Laís Vieira é formada pela Universidade Federal de São Paulo. A médica brasileira deu entrada no processo em 2019 e obteve reconhecimento para exercer clínica geral em dezembro de 2021. Ela considerou os comentários de Guimarães imprudentes.
— Mostra seguramente um desconhecimento da formação médica no Brasil. Concordo que haja no Brasil uma heterogeneidade maior entre as faculdades do que em Portugal. Contudo, há diretrizes curriculares mínimas, às quais qualquer faculdade, pública ou privada, deve seguir — disse Vieira.
Médicos brasileiros apontam equívocos nas declarações do presidente. Em outro trecho da entrevista, o texto cita que Guimarães referiu que a formação de um médico no Brasil duraria de um a seis anos.
— Um ano de medicina? Nem técnico de enfermagem forma em um ano — disse um médico que espera pelo reconhecimento de sua especialidade, teme represálias e por isso não se identifica.
Vieira completa a declaração do colega de profissão brasileiro.
— Determinações sobre carga horária impediriam qualquer pessoa de se tornar médico num tempo tão exíguo como um ano. Os cursos também duram seis anos no Brasil.
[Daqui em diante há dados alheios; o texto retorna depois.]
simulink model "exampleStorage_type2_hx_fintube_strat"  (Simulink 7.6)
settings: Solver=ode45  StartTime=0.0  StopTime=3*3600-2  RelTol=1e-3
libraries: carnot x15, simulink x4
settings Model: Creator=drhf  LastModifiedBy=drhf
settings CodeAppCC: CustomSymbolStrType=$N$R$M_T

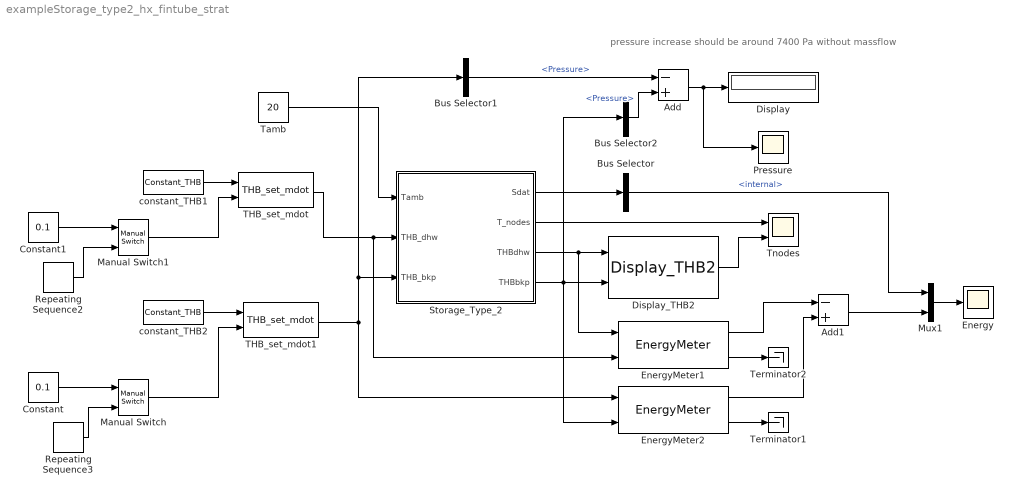
== system exampleStorage_type2_hx_fintube_strat ==
  note: pressure increase should be around 7400 Pa without massflow
  Add : Sum  Inputs=-+
  Add1 : Sum  Inputs=-+
  Bus Selector : BusSelector  OutputSignals=energy.internal
  Bus Selector1 : BusSelector  OutputSignals=Pressure
  Bus Selector2 : BusSelector  OutputSignals=Pressure
  Constant : Constant  Value=0.1
  Constant1 : Constant  Value=0.1
  Display : Display
  Display_THB2 : carnot/Outputs/Display_THB2  SystemSampleTime=-1  t=off  m=on  p=off  id=off  mix=off  d=off
  Energy : Scope
  EnergyMeter1 : carnot/Control/EnergyMeter  SystemSampleTime=-1
  EnergyMeter2 : carnot/Control/EnergyMeter  SystemSampleTime=-1
  Manual Switch : simulink/Signal Routing/Manual Switch  SystemSampleTime=-1  sw=0  action=0  varsize=off
  Manual Switch1 : simulink/Signal Routing/Manual Switch  SystemSampleTime=-1  sw=0  action=0  varsize=off
  Mux1 : Mux  Inputs=2
  Pressure : Scope
  Repeating Sequence2 : simulink/Sources/Repeating Sequence  SystemSampleTime=-1  rep_seq_t=[0 1 1 2 2 2.9 2.9 3.1]*3600  rep_seq_y=[0.0 0.0 0.15 0.15 0.1 0.1 0 0]
  Repeating Sequence3 : simulink/Sources/Repeating Sequence  SystemSampleTime=-1  rep_seq_t=[0 1 1 2 2 3]*3600  rep_seq_y=[0.12 0.12 0.1 0.1 0.15 0.15]
  Storage_Type_2 : Subsystem  mask(Multiport Storage){uloss=1, ubot=1, utop=1, cond=1, tini=[20:5:65], volume=0.3, dia=0.5, pos=standing cylinder, nconnect=2, nodes=10, mpoints=10}
      mask prompts: uloss "Heat loss coefficient cylinder wall in W/(m²K)"; ubot "Heat loss coefficient bottom in W/(m²K)"; utop "Heat loss coefficient top cover in W/(m²K)"; cond "Effective vertical conductivity in W/(m*K)"; tini "Initial temperature (vector or scalar) in °C"; volume "Volume in m³"; dia "Diameter in m"; pos "Position"; nconnect "Number of connections"; nodes "Number of nodes"; mpoints "Number of measurement points"
      mask help:
      | The volmue of the cylindrical storage is divided in a number "nodes" of horizontal slices (1xN-node model). For each node the energy balance equation is solved.
      | Look under mask to set the ports types and properties.
      mask init:
      | standing = pos-1;
      | 
      | if standing
      |     dh = volume/(0.25*dia^2*pi*nodes);
      | else
      |     dh = dia/nodes;
      | end
      | 
      | height = dh*nodes;
      | 
      | mpoints = max(mpoints,1);
      | mpts = round(nodes/mpoints/2:nodes/mpoints:nodes);
      mask Help: eval('man(''storage_multiport'')')
      mask StyleString: edit,edit,edit,edit,edit,edit,edit,popup(lying cylinder|standing cylinder),edit,edit,edit
      mask TabNameString: Thermal,Thermal,Thermal,Thermal,Thermal,Geometry,Geometry,Geometry,Geometry,Calculation,Calculation
      mask Display: plot(10,20,80,100,[36,36,40,50,54,54,50,40,36],[90,50,45,45,50,90,93,93,90],[36,51,44,51,36],[50,50,55,60,60])
  THB_set_mdot : carnot/Source/Simple/THB_set_mdot  SystemSampleTime=-1
  THB_set_mdot1 : carnot/Source/Simple/THB_set_mdot  SystemSampleTime=-1
  Tamb : Constant  Value=20
  Terminator1 : Terminator
  Terminator2 : Terminator
  Tnodes : Scope  NumInputPorts=2
      settings: YMin=-5~-5  YMax=5~5  SaveName=ScopeData3
  constant_THB1 : carnot/Source/Simple/Constant_THB  SystemSampleTime=-1  t=10  mdot=0*100/3600  p=1e5  mID=Full Pressure Drop with Static Height  fluid=water  mix=0  dia=0.02  hgt=0
  constant_THB2 : carnot/Source/Simple/Constant_THB  SystemSampleTime=-1  t=55  mdot=100/3600  p=1e5  mID=Full Pressure Drop with Static Height  fluid=water  mix=0  dia=0.02  hgt=0
  wires:
  Bus Selector/1 -> Mux1/1  "<internal>"
  Tamb/1 -> Storage_Type_2/1(Tamb)
  THB_set_mdot/1 -> Storage_Type_2/2(THB_dhw), EnergyMeter1/2
  THB_set_mdot1/1 -> Storage_Type_2/3(THB_bkp), Bus Selector1/1, EnergyMeter2/1
  Storage_Type_2/1(Sdat) -> Bus Selector/1
  Storage_Type_2/2(T_nodes) -> Tnodes/1
  Storage_Type_2/3(THBdhw) -> EnergyMeter1/1, Display_THB2/1
  Storage_Type_2/4(THBbkp) -> Bus Selector2/1, EnergyMeter2/2, Display_THB2/2
  Display_THB2/1 -> Tnodes/2
  Mux1/1 -> Energy/1
  EnergyMeter2/2 -> Terminator1/1
  Add/1 -> Display/1, Pressure/1
  Bus Selector1/1 -> Add/1  "<Pressure>"
  Bus Selector2/1 -> Add/2  "<Pressure>"
  EnergyMeter1/2 -> Terminator2/1
  Add1/1 -> Mux1/2
  EnergyMeter2/1 -> Add1/2
  EnergyMeter1/1 -> Add1/1
  constant_THB1/1 -> THB_set_mdot/1
  constant_THB2/1 -> THB_set_mdot1/1
  Manual Switch1/1 -> THB_set_mdot/2
  Manual Switch/1 -> THB_set_mdot1/2
  Constant/1 -> Manual Switch/1
  Repeating Sequence3/1 -> Manual Switch/2
  Constant1/1 -> Manual Switch1/1
  Repeating Sequence2/1 -> Manual Switch1/2

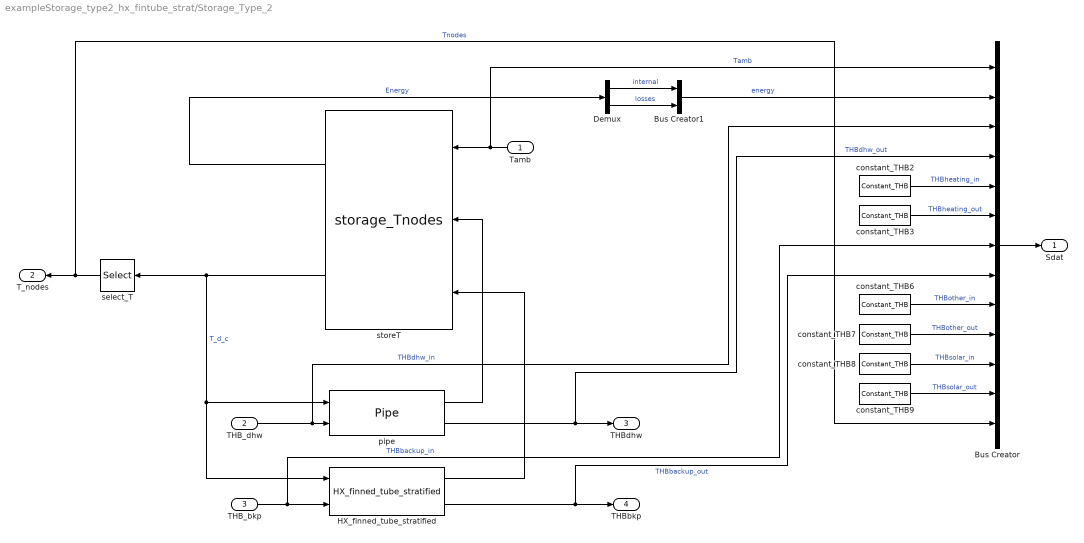
== system exampleStorage_type2_hx_fintube_strat/Storage_Type_2 ==
  Tamb : Inport
  THB_dhw : Inport  Port=2
  THB_bkp : Inport  Port=3
  Bus Creator : BusCreator  Inputs=13
  Bus Creator1 : BusCreator  Inputs=2
  Demux : Demux  Outputs=2
  HX_finned_tube_stratified : carnot/Storage/Thermal/Storage_Ports/HX_finned_tube_stratified  SystemSampleTime=-1  h_in=1  h_out=0  dpipe=0.03  swall=0.002  lpipe=15  cond=50  dfin=0.05  sfin=0.001  nfin=100  dplin=100  dpqua=100  nodes=nodes  hgt=height  dia=dia
  constant_THB{2..3,6..9} (6 alike) : carnot/Source/Simple/Constant_THB  SystemSampleTime=-1  t=20  mdot=0  p=1e5  mID=No Pressure Drop  fluid=water  mix=0  dia=0.02  hgt=0
  pipe : carnot/Storage/Thermal/Storage_Ports/Pipe  SystemSampleTime=-1  h_in=0  h_out=1  dplin=0  dpqua=0  nodes=nodes  hgt=height  dia=dia
  select_T : Selector  InputPortWidth=nodes  IndexOptions=Index vector (dialog)  Indices=mpts  OutputSizes=1
  storeT : S-Function  FunctionName=storage_Tnodes  Parameters=dia, volume, standing, uloss , ubot, utop, cond, tini, nodes, nconnect  EnableBusSupport=off
  Sdat : Outport
  T_nodes : Outport  Port=2
  THBdhw : Outport  Port=3
  THBbkp : Outport  Port=4
  wires:
  Tamb/1 -> storeT/1, Bus Creator/1  "Tamb"
  THB_dhw/1 -> Bus Creator/3, pipe/2  "THBdhw_in"
  pipe/2 -> Bus Creator/4, THBdhw/1  "THBdhw_out"
  pipe/1 -> storeT/2
  select_T/1 -> T_nodes/1, Bus Creator/13  "Tnodes"
  storeT/1 -> Demux/1  "Energy"
  storeT/2 -> select_T/1, pipe/1, HX_finned_tube_stratified/1  "T_d_c"
  Bus Creator/1 -> Sdat/1
  constant_THB9/1 -> Bus Creator/12  "THBsolar_out"
  constant_THB8/1 -> Bus Creator/11  "THBsolar_in"
  constant_THB7/1 -> Bus Creator/10  "THBother_out"
  constant_THB6/1 -> Bus Creator/9  "THBother_in"
  constant_THB2/1 -> Bus Creator/5  "THBheating_in"
  constant_THB3/1 -> Bus Creator/6  "THBheating_out"
  THB_bkp/1 -> Bus Creator/7, HX_finned_tube_stratified/2  "THBbackup_in"
  HX_finned_tube_stratified/2 -> Bus Creator/8, THBbkp/1  "THBbackup_out"
  HX_finned_tube_stratified/1 -> storeT/3
  Demux/1 -> Bus Creator1/1  "internal"
  Demux/2 -> Bus Creator1/2  "losses"
  Bus Creator1/1 -> Bus Creator/2  "energy"

Fique claro que nunca fui contra os brasileiros passarem por algum escrutínio, mas é injusto que duvidem da qualidade da formação de muitos de nós — declarou Vieira.
Outra médica brasileira em Portugal aponta o fato de o presidente indicar que parte dos médicos não está inscrita na “Ordem” brasileira.
— Este senhor não sabe o que fala. Ninguém pode atuar como médico no Brasil sem estar inscrito em um (ou mais) conselho regional. Estou no internato que eles exigem para fazer residência, mesmo eu tendo feito internato médico há 16 anos e atuar como médica com autonomia aqui em Portugal há três anos. O nível do meio português deixa muito a desejar. Só não quero me indispor, porque já basta ser imigrante num país xenófobo — disse ela, que também pediu anonimato para não ser prejudicada.
Nos dados do Ministério da Ciência, Tecnologia e Ensino Superior (MCTES) publicados pela “Lusa”, Portugal aprovou 706 (42%) do total de 1,7 mil pedidos estrangeiros.
“Entre os 74,7% de pedidos apresentados por brasileiros, apenas 42,7% foram aprovados – ainda que estes representem três quartos do total de pedidos aprovados”, informou o texto.
Um médico da União Europeia tem reconhecimento automático e precisa ser aprovado em uma prova de comunicação na Ordem. Quem vem de fora do bloco tem que cumprir mais provas até conquistar a demorada autonomia para exercer clínica geral.
Para se tornar um médico especialista, um brasileiro será avaliado pelos colégios da Ordem. Os brasileiros garantiram que foram discriminados pelos responsáveis dos colégios. O presidente da Ordem admitiu que é “outro campeonato”, ainda mais moroso e “que não depende da direção, mas de cada colégio”.
No último sábado, O GLOBO publicou reportagem sobre o Serviço Nacional de Saúde (SNS) de Portugal. Em parte dela, a médica brasileira Rachel Vicente contou que não foi reconhecida como especialista após trabalhar dez anos e coordenar a unidade de tratamento intensivo (UTI) neurocirúrgica do Garcia de Orta, em Lisboa.
— Trabalhei como especialista intensivista durante seis anos ganhando como clínica. Usam estrangeiros como mão de obra barata enquanto faltam médicos especialistas de maneira geral — disse Vicente.
Procuradas, a CFM e a Ordem dos Médicos ainda não responderam.